Content starts

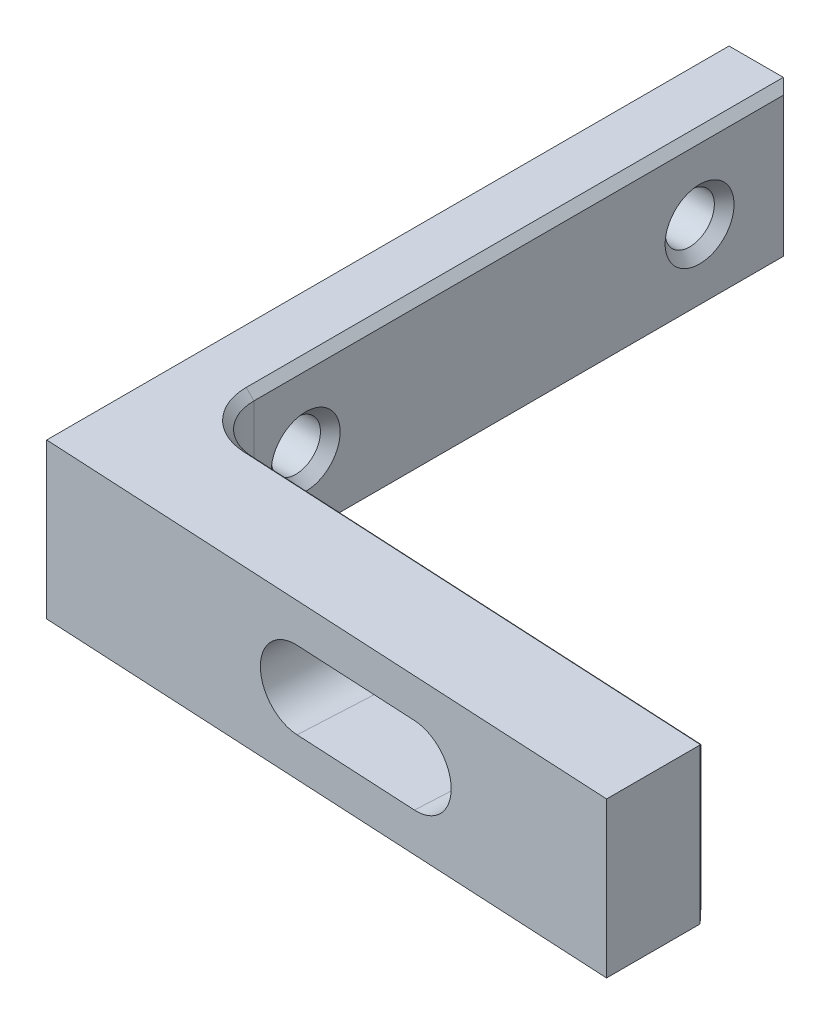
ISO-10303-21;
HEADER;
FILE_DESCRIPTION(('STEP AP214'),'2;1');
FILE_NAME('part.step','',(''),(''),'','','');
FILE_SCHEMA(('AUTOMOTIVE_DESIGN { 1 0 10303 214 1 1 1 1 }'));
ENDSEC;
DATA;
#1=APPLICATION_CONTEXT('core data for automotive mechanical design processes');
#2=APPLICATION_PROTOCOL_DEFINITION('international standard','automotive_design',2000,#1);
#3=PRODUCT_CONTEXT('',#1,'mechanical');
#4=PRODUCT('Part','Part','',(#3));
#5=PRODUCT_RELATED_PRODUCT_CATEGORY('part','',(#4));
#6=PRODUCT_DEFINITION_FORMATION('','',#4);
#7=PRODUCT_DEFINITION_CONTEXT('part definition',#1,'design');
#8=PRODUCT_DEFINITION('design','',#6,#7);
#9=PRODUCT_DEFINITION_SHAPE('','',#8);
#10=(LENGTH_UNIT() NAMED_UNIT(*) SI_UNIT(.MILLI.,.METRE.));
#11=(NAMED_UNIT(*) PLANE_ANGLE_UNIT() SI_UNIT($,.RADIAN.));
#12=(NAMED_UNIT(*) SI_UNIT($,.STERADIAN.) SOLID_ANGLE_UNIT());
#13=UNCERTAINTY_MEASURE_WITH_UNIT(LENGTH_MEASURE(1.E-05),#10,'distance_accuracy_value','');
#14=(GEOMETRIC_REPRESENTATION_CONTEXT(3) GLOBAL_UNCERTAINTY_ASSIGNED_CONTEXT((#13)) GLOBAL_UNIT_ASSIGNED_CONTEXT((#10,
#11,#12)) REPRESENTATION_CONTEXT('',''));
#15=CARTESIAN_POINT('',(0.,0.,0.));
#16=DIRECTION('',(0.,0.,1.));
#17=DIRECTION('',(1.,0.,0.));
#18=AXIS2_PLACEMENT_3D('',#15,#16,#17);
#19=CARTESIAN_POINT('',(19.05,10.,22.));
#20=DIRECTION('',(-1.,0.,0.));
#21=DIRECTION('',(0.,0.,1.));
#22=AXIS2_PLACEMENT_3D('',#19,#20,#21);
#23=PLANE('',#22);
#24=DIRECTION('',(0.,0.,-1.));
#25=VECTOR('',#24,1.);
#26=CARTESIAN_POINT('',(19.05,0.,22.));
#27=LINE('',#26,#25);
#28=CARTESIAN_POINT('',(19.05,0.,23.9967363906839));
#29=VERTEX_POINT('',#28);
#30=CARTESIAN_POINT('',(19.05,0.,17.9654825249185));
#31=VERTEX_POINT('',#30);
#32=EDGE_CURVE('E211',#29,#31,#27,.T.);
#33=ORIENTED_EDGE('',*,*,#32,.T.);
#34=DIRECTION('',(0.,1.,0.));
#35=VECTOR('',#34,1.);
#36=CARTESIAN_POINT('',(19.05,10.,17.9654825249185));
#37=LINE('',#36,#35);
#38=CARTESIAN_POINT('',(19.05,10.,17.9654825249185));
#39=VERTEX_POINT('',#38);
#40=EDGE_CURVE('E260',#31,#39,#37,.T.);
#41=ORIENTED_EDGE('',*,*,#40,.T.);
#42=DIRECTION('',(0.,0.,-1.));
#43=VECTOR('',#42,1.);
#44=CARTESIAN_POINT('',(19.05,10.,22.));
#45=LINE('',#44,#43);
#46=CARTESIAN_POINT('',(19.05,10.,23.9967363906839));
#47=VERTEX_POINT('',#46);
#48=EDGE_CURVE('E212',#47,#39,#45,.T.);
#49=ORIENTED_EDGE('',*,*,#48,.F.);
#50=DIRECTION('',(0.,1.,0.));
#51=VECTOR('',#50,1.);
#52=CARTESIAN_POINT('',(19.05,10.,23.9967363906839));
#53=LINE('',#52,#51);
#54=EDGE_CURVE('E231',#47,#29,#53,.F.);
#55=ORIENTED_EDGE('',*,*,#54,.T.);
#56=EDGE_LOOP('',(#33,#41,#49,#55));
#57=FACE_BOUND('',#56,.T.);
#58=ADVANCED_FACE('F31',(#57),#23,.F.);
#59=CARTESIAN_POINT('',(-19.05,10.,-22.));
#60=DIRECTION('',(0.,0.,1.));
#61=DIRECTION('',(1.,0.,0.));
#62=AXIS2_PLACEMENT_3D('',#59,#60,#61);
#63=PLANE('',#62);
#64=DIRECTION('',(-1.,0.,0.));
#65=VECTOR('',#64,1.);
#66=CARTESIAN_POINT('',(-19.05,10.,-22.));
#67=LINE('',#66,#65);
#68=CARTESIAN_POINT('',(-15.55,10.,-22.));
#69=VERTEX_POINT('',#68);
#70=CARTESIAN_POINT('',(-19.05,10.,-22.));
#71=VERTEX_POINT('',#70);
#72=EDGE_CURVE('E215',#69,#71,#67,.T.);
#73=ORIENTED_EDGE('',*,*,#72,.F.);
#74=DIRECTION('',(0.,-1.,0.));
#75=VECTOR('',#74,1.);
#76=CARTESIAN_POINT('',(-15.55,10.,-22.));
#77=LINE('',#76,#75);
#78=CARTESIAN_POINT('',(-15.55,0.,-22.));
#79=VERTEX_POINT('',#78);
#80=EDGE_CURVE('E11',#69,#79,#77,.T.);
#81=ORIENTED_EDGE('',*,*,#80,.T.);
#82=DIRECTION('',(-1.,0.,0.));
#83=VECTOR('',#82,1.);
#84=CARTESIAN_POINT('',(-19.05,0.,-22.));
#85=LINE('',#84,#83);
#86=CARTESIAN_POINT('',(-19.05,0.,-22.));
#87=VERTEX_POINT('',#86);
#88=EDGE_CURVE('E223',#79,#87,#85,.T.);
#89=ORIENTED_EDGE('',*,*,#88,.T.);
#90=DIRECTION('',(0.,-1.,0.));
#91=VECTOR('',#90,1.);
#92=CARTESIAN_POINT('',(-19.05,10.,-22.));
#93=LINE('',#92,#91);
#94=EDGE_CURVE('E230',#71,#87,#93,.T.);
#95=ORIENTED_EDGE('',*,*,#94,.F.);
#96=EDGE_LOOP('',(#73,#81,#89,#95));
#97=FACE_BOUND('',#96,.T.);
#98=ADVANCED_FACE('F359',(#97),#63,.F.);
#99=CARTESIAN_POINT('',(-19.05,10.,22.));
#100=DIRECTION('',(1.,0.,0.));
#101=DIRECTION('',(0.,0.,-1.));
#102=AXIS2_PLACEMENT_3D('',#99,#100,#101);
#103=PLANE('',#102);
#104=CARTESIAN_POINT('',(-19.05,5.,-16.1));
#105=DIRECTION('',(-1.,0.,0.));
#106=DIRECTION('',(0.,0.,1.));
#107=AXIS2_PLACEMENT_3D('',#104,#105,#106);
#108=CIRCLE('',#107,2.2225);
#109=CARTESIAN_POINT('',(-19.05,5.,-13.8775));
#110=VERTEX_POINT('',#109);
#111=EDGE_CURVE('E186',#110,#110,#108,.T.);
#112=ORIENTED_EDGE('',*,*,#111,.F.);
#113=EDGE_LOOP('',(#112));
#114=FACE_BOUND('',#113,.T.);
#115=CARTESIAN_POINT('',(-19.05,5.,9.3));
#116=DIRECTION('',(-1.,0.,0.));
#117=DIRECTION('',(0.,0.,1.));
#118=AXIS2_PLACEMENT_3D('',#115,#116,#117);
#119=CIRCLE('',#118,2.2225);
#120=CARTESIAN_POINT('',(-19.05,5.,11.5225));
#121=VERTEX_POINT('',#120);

Content ends

EXERCISE DIRECTIONS: Give the entries above again word for word, without the pictures.

RESPONSE TO THE TASK:
ISO-10303-21;
HEADER;
FILE_DESCRIPTION(('STEP AP214'),'2;1');
FILE_NAME('part.step','',(''),(''),'','','');
FILE_SCHEMA(('AUTOMOTIVE_DESIGN { 1 0 10303 214 1 1 1 1 }'));
ENDSEC;
DATA;
#1=APPLICATION_CONTEXT('core data for automotive mechanical design processes');
#2=APPLICATION_PROTOCOL_DEFINITION('international standard','automotive_design',2000,#1);
#3=PRODUCT_CONTEXT('',#1,'mechanical');
#4=PRODUCT('Part','Part','',(#3));
#5=PRODUCT_RELATED_PRODUCT_CATEGORY('part','',(#4));
#6=PRODUCT_DEFINITION_FORMATION('','',#4);
#7=PRODUCT_DEFINITION_CONTEXT('part definition',#1,'design');
#8=PRODUCT_DEFINITION('design','',#6,#7);
#9=PRODUCT_DEFINITION_SHAPE('','',#8);
#10=(LENGTH_UNIT() NAMED_UNIT(*) SI_UNIT(.MILLI.,.METRE.));
#11=(NAMED_UNIT(*) PLANE_ANGLE_UNIT() SI_UNIT($,.RADIAN.));
#12=(NAMED_UNIT(*) SI_UNIT($,.STERADIAN.) SOLID_ANGLE_UNIT());
#13=UNCERTAINTY_MEASURE_WITH_UNIT(LENGTH_MEASURE(1.E-05),#10,'distance_accuracy_value','');
#14=(GEOMETRIC_REPRESENTATION_CONTEXT(3) GLOBAL_UNCERTAINTY_ASSIGNED_CONTEXT((#13)) GLOBAL_UNIT_ASSIGNED_CONTEXT((#10,
#11,#12)) REPRESENTATION_CONTEXT('',''));
#15=CARTESIAN_POINT('',(0.,0.,0.));
#16=DIRECTION('',(0.,0.,1.));
#17=DIRECTION('',(1.,0.,0.));
#18=AXIS2_PLACEMENT_3D('',#15,#16,#17);
#19=CARTESIAN_POINT('',(19.05,10.,22.));
#20=DIRECTION('',(-1.,0.,0.));
#21=DIRECTION('',(0.,0.,1.));
#22=AXIS2_PLACEMENT_3D('',#19,#20,#21);
#23=PLANE('',#22);
#24=DIRECTION('',(0.,0.,-1.));
#25=VECTOR('',#24,1.);
#26=CARTESIAN_POINT('',(19.05,0.,22.));
#27=LINE('',#26,#25);
#28=CARTESIAN_POINT('',(19.05,0.,23.9967363906839));
#29=VERTEX_POINT('',#28);
#30=CARTESIAN_POINT('',(19.05,0.,17.9654825249185));
#31=VERTEX_POINT('',#30);
#32=EDGE_CURVE('E211',#29,#31,#27,.T.);
#33=ORIENTED_EDGE('',*,*,#32,.T.);
#34=DIRECTION('',(0.,1.,0.));
#35=VECTOR('',#34,1.);
#36=CARTESIAN_POINT('',(19.05,10.,17.9654825249185));
#37=LINE('',#36,#35);
#38=CARTESIAN_POINT('',(19.05,10.,17.9654825249185));
#39=VERTEX_POINT('',#38);
#40=EDGE_CURVE('E260',#31,#39,#37,.T.);
#41=ORIENTED_EDGE('',*,*,#40,.T.);
#42=DIRECTION('',(0.,0.,-1.));
#43=VECTOR('',#42,1.);
#44=CARTESIAN_POINT('',(19.05,10.,22.));
#45=LINE('',#44,#43);
#46=CARTESIAN_POINT('',(19.05,10.,23.9967363906839));
#47=VERTEX_POINT('',#46);
#48=EDGE_CURVE('E212',#47,#39,#45,.T.);
#49=ORIENTED_EDGE('',*,*,#48,.F.);
#50=DIRECTION('',(0.,1.,0.));
#51=VECTOR('',#50,1.);
#52=CARTESIAN_POINT('',(19.05,10.,23.9967363906839));
#53=LINE('',#52,#51);
#54=EDGE_CURVE('E231',#47,#29,#53,.F.);
#55=ORIENTED_EDGE('',*,*,#54,.T.);
#56=EDGE_LOOP('',(#33,#41,#49,#55));
#57=FACE_BOUND('',#56,.T.);
#58=ADVANCED_FACE('F31',(#57),#23,.F.);
#59=CARTESIAN_POINT('',(-19.05,10.,-22.));
#60=DIRECTION('',(0.,0.,1.));
#61=DIRECTION('',(1.,0.,0.));
#62=AXIS2_PLACEMENT_3D('',#59,#60,#61);
#63=PLANE('',#62);
#64=DIRECTION('',(-1.,0.,0.));
#65=VECTOR('',#64,1.);
#66=CARTESIAN_POINT('',(-19.05,10.,-22.));
#67=LINE('',#66,#65);
#68=CARTESIAN_POINT('',(-15.55,10.,-22.));
#69=VERTEX_POINT('',#68);
#70=CARTESIAN_POINT('',(-19.05,10.,-22.));
#71=VERTEX_POINT('',#70);
#72=EDGE_CURVE('E215',#69,#71,#67,.T.);
#73=ORIENTED_EDGE('',*,*,#72,.F.);
#74=DIRECTION('',(0.,-1.,0.));
#75=VECTOR('',#74,1.);
#76=CARTESIAN_POINT('',(-15.55,10.,-22.));
#77=LINE('',#76,#75);
#78=CARTESIAN_POINT('',(-15.55,0.,-22.));
#79=VERTEX_POINT('',#78);
#80=EDGE_CURVE('E11',#69,#79,#77,.T.);
#81=ORIENTED_EDGE('',*,*,#80,.T.);
#82=DIRECTION('',(-1.,0.,0.));
#83=VECTOR('',#82,1.);
#84=CARTESIAN_POINT('',(-19.05,0.,-22.));
#85=LINE('',#84,#83);
#86=CARTESIAN_POINT('',(-19.05,0.,-22.));
#87=VERTEX_POINT('',#86);
#88=EDGE_CURVE('E223',#79,#87,#85,.T.);
#89=ORIENTED_EDGE('',*,*,#88,.T.);
#90=DIRECTION('',(0.,-1.,0.));
#91=VECTOR('',#90,1.);
#92=CARTESIAN_POINT('',(-19.05,10.,-22.));
#93=LINE('',#92,#91);
#94=EDGE_CURVE('E230',#71,#87,#93,.T.);
#95=ORIENTED_EDGE('',*,*,#94,.F.);
#96=EDGE_LOOP('',(#73,#81,#89,#95));
#97=FACE_BOUND('',#96,.T.);
#98=ADVANCED_FACE('F359',(#97),#63,.F.);
#99=CARTESIAN_POINT('',(-19.05,10.,22.));
#100=DIRECTION('',(1.,0.,0.));
#101=DIRECTION('',(0.,0.,-1.));
#102=AXIS2_PLACEMENT_3D('',#99,#100,#101);
#103=PLANE('',#102);
#104=CARTESIAN_POINT('',(-19.05,5.,-16.1));
#105=DIRECTION('',(-1.,0.,0.));
#106=DIRECTION('',(0.,0.,1.));
#107=AXIS2_PLACEMENT_3D('',#104,#105,#106);
#108=CIRCLE('',#107,2.2225);
#109=CARTESIAN_POINT('',(-19.05,5.,-13.8775));
#110=VERTEX_POINT('',#109);
#111=EDGE_CURVE('E186',#110,#110,#108,.T.);
#112=ORIENTED_EDGE('',*,*,#111,.F.);
#113=EDGE_LOOP('',(#112));
#114=FACE_BOUND('',#113,.T.);
#115=CARTESIAN_POINT('',(-19.05,5.,9.3));
#116=DIRECTION('',(-1.,0.,0.));
#117=DIRECTION('',(0.,0.,1.));
#118=AXIS2_PLACEMENT_3D('',#115,#116,#117);
#119=CIRCLE('',#118,2.2225);
#120=CARTESIAN_POINT('',(-19.05,5.,11.5225));
#121=VERTEX_POINT('',#120);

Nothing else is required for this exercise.